_Your goal_
Below are the entries; state how many of their lines contain the string "mechanical", and nothing more.

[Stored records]
■ ■ ■ ■

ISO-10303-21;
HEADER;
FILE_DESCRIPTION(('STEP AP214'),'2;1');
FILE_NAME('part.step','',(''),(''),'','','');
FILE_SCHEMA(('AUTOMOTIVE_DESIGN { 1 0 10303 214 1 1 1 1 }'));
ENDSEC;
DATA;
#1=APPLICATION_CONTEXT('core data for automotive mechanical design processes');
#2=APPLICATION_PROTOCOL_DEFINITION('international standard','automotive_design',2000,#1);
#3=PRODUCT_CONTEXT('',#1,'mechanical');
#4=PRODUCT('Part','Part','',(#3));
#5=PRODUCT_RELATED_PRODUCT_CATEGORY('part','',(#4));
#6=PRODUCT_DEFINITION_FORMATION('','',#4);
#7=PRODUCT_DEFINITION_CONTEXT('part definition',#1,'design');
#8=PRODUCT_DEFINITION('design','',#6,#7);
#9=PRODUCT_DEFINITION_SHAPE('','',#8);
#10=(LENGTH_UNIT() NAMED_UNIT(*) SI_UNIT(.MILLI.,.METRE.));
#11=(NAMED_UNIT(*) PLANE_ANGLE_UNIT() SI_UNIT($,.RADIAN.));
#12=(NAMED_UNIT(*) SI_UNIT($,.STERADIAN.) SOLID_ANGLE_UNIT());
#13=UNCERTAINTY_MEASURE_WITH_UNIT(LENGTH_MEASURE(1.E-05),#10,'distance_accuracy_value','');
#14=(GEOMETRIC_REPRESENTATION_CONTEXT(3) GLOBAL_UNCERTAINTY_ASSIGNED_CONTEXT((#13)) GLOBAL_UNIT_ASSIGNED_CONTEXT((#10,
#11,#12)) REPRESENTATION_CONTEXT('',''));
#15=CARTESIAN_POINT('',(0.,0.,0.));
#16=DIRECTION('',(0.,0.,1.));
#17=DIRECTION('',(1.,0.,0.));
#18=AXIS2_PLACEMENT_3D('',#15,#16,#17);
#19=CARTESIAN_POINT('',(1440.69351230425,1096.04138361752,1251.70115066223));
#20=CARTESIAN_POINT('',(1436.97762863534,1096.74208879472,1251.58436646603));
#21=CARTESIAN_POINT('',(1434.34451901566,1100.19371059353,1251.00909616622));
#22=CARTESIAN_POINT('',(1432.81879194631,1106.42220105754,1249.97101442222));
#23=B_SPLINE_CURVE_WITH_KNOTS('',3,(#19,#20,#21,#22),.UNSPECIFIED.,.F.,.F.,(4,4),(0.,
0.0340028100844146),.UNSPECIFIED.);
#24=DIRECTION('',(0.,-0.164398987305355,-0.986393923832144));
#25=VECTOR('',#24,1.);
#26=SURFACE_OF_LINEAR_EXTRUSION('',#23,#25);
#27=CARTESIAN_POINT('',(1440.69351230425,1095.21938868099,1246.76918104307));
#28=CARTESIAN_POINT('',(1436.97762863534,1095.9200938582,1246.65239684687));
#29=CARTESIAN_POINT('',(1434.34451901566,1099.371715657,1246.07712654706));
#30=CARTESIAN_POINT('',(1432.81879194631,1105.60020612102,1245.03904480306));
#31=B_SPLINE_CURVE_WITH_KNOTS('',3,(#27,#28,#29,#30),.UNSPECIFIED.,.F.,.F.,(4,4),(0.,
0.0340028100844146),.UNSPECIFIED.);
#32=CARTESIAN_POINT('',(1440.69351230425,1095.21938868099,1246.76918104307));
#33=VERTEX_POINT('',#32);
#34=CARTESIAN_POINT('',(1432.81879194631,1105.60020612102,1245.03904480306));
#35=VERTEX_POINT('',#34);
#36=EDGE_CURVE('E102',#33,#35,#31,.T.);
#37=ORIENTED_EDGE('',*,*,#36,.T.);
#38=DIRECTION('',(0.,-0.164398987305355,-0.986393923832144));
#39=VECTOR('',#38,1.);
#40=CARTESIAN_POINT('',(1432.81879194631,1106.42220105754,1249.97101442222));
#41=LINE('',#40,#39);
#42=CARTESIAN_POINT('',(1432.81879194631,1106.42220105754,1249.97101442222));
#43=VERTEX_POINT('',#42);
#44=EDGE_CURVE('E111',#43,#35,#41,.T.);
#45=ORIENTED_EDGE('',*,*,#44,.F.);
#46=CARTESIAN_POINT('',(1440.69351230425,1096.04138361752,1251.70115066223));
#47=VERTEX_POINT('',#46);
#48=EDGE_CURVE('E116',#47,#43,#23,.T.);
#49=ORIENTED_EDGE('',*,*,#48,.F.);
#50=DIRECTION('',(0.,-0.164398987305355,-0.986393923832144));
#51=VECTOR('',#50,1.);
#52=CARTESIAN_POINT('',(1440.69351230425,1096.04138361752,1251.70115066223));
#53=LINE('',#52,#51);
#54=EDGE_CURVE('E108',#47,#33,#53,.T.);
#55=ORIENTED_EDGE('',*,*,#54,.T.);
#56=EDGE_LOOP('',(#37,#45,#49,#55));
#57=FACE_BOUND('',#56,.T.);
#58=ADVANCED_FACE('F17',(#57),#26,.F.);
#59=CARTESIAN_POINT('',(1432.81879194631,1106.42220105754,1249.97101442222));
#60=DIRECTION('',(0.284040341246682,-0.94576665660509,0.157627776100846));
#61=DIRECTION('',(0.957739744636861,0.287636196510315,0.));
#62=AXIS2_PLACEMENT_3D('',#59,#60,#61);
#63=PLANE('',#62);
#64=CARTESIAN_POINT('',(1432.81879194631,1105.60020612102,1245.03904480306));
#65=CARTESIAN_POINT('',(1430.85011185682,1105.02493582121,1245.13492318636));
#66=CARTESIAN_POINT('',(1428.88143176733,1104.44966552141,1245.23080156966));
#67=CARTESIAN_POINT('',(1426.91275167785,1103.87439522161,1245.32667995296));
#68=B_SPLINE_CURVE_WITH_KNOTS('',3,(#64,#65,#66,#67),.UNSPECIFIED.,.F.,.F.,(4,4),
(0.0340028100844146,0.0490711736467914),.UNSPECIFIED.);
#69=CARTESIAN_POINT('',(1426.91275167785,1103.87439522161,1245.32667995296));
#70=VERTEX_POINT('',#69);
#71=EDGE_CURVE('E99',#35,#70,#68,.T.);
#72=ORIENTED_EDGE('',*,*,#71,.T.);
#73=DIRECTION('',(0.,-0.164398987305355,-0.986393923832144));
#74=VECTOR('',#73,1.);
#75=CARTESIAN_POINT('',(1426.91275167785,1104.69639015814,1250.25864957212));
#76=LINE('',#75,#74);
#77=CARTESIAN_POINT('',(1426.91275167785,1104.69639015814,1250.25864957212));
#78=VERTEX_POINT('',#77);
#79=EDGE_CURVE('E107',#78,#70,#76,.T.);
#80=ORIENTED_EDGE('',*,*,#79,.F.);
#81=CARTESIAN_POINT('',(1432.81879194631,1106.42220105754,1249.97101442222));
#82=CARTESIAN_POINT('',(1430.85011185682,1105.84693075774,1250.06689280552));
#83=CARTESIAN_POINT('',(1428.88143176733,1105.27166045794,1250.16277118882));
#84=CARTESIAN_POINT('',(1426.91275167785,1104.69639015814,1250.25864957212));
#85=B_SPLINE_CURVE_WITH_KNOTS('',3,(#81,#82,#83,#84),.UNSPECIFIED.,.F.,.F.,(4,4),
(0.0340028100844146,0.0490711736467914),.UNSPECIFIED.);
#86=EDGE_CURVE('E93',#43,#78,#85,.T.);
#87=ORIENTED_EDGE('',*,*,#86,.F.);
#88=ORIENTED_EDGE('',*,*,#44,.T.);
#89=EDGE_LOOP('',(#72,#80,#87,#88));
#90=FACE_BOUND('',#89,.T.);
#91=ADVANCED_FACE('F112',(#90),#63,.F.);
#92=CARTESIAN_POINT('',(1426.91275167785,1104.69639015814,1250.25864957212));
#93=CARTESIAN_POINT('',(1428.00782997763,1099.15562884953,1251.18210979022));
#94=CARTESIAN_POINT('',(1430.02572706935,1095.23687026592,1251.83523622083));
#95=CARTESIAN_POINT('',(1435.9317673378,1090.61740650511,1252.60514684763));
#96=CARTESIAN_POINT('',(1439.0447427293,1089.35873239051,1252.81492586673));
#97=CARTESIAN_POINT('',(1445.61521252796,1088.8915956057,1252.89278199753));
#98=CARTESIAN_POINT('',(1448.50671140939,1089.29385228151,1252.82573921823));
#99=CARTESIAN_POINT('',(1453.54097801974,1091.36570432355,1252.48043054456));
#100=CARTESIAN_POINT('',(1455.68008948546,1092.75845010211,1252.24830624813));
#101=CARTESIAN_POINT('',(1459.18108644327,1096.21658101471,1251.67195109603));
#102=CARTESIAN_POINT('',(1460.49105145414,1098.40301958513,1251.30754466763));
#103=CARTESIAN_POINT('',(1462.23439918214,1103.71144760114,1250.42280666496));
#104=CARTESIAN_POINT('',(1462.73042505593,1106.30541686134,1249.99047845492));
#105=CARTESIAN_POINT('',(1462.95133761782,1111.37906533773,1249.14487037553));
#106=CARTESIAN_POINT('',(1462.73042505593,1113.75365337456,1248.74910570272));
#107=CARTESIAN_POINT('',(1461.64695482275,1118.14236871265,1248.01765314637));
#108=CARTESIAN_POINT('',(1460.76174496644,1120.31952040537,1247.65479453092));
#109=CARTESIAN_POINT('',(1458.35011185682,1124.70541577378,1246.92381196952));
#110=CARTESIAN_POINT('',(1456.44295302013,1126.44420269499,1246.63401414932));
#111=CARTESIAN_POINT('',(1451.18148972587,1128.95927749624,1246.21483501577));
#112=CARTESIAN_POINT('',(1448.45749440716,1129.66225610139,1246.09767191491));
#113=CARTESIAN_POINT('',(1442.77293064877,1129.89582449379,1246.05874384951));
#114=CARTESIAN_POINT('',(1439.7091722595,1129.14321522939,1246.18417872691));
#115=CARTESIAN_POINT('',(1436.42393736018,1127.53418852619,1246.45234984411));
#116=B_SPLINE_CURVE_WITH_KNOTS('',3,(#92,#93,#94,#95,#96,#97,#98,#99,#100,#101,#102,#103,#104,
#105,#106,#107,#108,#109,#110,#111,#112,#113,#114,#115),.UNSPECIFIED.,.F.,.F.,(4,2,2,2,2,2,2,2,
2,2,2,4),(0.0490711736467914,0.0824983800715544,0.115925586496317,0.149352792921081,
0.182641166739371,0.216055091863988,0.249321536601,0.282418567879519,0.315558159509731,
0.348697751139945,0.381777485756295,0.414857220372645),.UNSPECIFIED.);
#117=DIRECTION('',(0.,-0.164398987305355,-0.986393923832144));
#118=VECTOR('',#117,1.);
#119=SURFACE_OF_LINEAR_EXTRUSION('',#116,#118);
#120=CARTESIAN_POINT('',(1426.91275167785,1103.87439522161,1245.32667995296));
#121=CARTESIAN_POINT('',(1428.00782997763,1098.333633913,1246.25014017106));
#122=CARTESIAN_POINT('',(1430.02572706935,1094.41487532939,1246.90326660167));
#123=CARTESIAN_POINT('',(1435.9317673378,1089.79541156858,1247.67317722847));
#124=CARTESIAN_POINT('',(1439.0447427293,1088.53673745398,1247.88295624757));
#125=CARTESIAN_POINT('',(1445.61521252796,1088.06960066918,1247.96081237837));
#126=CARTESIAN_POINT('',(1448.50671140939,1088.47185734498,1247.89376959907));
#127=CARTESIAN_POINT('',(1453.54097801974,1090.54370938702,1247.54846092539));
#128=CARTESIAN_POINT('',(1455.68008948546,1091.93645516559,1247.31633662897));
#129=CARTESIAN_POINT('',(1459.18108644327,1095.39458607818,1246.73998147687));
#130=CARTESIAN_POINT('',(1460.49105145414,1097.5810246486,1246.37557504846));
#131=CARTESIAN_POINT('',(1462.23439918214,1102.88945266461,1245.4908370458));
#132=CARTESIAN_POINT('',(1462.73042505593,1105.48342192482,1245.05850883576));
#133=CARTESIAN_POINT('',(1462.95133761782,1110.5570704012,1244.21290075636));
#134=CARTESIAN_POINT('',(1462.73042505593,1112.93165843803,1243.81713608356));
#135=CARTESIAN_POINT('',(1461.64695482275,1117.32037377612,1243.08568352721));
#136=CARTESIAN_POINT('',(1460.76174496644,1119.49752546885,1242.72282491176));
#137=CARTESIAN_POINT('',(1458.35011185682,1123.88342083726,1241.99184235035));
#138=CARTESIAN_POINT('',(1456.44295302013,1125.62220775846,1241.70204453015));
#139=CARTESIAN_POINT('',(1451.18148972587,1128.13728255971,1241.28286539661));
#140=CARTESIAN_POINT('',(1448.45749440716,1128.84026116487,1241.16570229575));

■ ■ ■ ■

_Answer space_
2